§ WHAT THIS TASK INVOLVES: Going through the entries below, count each line that holds "dxfattribs" and give only the total.
----- EXERCISE INPUTS
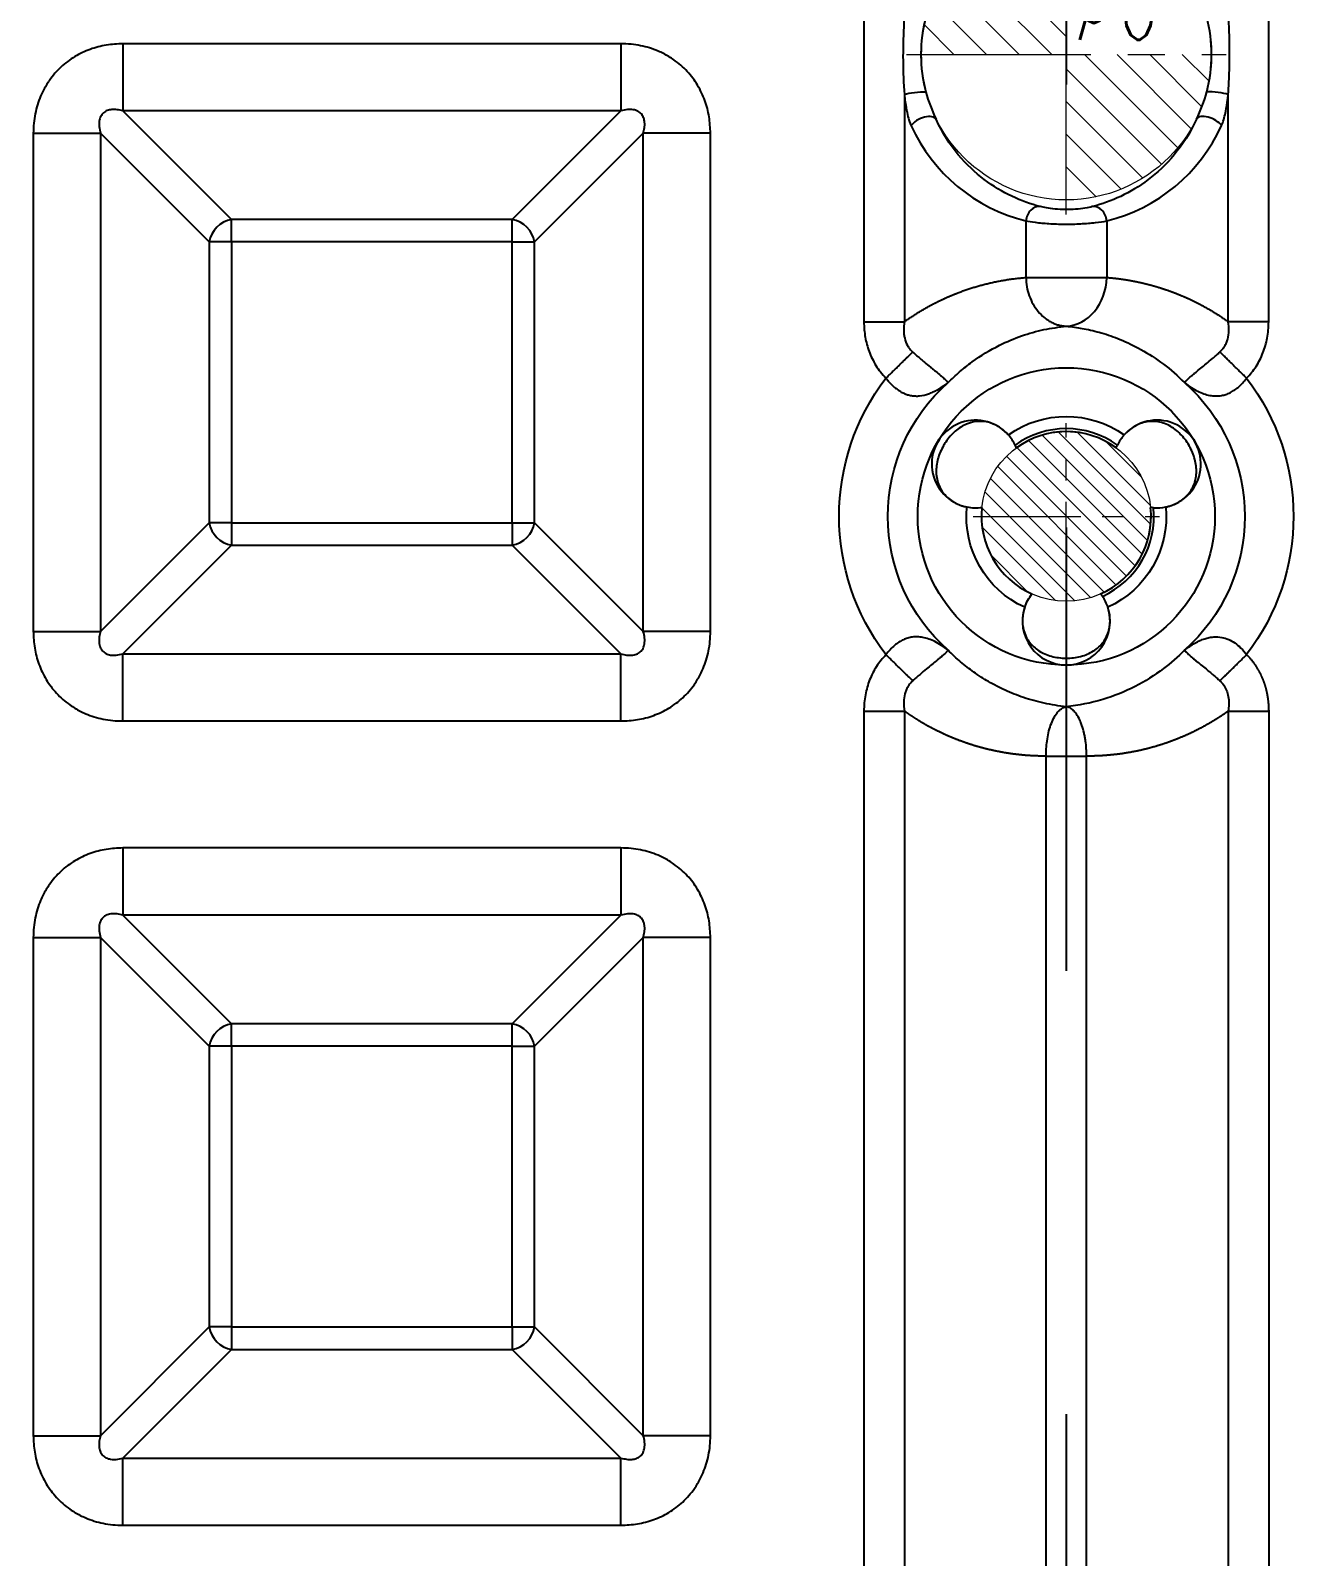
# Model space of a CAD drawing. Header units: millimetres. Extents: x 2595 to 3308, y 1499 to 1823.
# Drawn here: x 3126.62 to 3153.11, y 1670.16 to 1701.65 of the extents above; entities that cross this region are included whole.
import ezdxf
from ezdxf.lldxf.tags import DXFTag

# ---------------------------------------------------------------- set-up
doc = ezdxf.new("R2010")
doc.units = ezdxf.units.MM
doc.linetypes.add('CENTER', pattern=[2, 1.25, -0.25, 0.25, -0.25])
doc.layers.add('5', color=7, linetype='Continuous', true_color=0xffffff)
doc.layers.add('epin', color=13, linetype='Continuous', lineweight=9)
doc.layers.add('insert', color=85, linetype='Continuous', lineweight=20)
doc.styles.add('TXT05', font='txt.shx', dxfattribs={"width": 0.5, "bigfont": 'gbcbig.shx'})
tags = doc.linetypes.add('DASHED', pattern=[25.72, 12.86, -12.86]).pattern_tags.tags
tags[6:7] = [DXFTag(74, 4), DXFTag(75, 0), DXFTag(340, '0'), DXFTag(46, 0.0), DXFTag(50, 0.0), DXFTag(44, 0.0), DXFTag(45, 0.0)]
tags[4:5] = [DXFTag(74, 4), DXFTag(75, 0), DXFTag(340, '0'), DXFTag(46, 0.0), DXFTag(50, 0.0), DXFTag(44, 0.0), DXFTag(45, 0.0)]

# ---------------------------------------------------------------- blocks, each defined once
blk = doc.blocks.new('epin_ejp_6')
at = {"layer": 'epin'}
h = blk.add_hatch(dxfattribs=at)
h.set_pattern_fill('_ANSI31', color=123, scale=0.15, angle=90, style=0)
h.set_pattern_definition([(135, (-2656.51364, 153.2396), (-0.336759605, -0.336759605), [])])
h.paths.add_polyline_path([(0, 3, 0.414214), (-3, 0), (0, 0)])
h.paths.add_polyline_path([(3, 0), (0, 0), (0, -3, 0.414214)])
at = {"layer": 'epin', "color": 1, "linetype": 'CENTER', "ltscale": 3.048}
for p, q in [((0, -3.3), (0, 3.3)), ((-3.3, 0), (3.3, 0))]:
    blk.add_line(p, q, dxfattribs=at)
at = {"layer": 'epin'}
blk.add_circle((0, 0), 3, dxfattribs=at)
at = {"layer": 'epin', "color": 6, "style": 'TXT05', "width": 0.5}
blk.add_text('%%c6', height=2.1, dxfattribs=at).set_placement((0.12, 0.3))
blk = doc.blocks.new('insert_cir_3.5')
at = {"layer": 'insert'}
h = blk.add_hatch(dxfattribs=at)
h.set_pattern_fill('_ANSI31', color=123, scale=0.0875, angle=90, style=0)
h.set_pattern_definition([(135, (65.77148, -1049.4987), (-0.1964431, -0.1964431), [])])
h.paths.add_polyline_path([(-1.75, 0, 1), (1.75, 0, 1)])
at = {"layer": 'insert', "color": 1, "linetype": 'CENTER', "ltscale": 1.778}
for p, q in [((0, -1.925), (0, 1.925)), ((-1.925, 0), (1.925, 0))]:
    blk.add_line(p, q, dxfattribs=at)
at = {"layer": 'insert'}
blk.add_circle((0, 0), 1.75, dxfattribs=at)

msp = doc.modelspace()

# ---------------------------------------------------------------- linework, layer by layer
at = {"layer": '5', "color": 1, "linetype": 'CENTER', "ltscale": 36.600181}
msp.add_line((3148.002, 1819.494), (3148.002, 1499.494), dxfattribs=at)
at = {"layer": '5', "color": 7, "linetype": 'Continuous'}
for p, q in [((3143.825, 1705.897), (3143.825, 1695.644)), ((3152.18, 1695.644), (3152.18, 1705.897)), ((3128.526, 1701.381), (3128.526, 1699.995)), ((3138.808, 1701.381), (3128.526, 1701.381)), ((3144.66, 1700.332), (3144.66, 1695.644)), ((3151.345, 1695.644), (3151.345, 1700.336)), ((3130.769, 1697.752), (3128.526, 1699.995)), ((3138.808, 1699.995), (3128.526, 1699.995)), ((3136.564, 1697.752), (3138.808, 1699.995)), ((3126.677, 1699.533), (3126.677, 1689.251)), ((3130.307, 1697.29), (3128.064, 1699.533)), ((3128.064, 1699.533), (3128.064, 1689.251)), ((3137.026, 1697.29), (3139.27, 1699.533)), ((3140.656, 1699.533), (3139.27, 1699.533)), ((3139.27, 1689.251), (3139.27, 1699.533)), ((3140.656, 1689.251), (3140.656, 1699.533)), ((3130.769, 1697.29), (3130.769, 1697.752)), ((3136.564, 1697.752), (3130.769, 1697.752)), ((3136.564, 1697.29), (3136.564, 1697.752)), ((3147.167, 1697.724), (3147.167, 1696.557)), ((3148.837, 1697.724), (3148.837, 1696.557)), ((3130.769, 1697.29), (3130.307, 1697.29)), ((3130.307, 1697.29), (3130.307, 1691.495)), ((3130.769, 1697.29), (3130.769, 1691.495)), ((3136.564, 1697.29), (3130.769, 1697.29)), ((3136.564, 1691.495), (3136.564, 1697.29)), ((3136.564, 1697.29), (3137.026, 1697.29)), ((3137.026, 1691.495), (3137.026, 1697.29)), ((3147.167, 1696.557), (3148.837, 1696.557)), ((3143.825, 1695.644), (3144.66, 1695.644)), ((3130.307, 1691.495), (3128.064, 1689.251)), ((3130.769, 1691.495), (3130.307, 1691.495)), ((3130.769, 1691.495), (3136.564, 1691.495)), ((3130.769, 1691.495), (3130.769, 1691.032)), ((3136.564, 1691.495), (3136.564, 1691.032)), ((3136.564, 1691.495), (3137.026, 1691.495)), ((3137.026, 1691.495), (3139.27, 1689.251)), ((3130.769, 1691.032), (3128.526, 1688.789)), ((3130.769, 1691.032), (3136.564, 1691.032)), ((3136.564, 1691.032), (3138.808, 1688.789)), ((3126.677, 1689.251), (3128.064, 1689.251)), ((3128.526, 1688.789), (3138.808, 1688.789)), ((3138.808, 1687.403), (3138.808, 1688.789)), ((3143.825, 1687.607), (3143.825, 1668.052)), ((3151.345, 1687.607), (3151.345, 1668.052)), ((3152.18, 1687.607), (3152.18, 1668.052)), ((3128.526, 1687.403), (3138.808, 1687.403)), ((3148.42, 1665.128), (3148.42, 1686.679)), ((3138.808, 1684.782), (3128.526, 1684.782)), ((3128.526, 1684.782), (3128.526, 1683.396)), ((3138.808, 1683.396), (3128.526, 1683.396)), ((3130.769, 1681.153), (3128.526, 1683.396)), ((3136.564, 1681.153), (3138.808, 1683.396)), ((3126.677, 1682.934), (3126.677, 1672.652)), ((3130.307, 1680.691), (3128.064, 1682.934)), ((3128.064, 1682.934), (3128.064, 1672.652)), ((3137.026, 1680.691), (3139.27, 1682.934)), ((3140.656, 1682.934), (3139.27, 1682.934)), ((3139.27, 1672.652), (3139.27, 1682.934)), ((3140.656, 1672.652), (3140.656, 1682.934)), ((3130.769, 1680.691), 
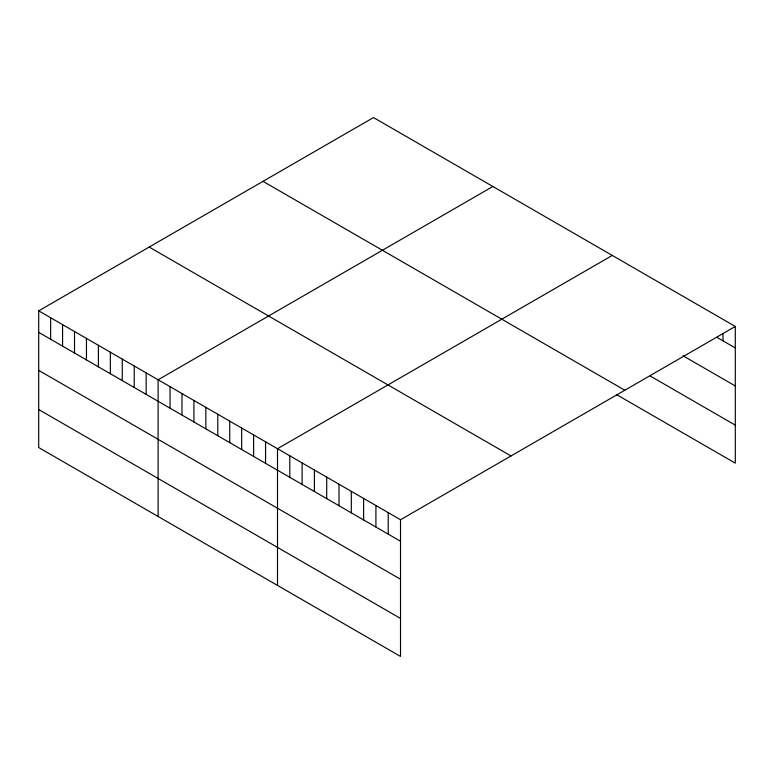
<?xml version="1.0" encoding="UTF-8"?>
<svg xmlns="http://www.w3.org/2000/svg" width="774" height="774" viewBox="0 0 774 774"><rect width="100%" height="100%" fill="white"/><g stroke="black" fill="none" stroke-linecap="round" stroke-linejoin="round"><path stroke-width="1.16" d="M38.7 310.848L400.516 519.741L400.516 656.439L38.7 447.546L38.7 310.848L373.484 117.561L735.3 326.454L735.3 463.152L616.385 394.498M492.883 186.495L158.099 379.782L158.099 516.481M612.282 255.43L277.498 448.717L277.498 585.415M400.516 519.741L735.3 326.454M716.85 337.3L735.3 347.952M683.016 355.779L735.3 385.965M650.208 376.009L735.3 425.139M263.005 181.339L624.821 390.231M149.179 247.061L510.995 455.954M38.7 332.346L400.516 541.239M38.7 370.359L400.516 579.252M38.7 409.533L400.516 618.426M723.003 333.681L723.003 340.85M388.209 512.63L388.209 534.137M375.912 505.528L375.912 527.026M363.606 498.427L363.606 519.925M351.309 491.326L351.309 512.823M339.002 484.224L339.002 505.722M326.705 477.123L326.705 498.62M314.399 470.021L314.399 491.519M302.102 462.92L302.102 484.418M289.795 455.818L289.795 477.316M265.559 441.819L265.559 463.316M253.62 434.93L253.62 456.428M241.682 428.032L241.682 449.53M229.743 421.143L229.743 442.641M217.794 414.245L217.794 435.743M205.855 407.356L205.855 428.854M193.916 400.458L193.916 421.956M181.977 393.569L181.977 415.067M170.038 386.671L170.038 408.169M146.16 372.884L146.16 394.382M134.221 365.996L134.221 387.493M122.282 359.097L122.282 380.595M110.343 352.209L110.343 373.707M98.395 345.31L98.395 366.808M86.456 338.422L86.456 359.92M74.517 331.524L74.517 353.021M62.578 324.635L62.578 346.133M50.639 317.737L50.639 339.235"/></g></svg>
----------
§ WRITTEN RESPONSE: 9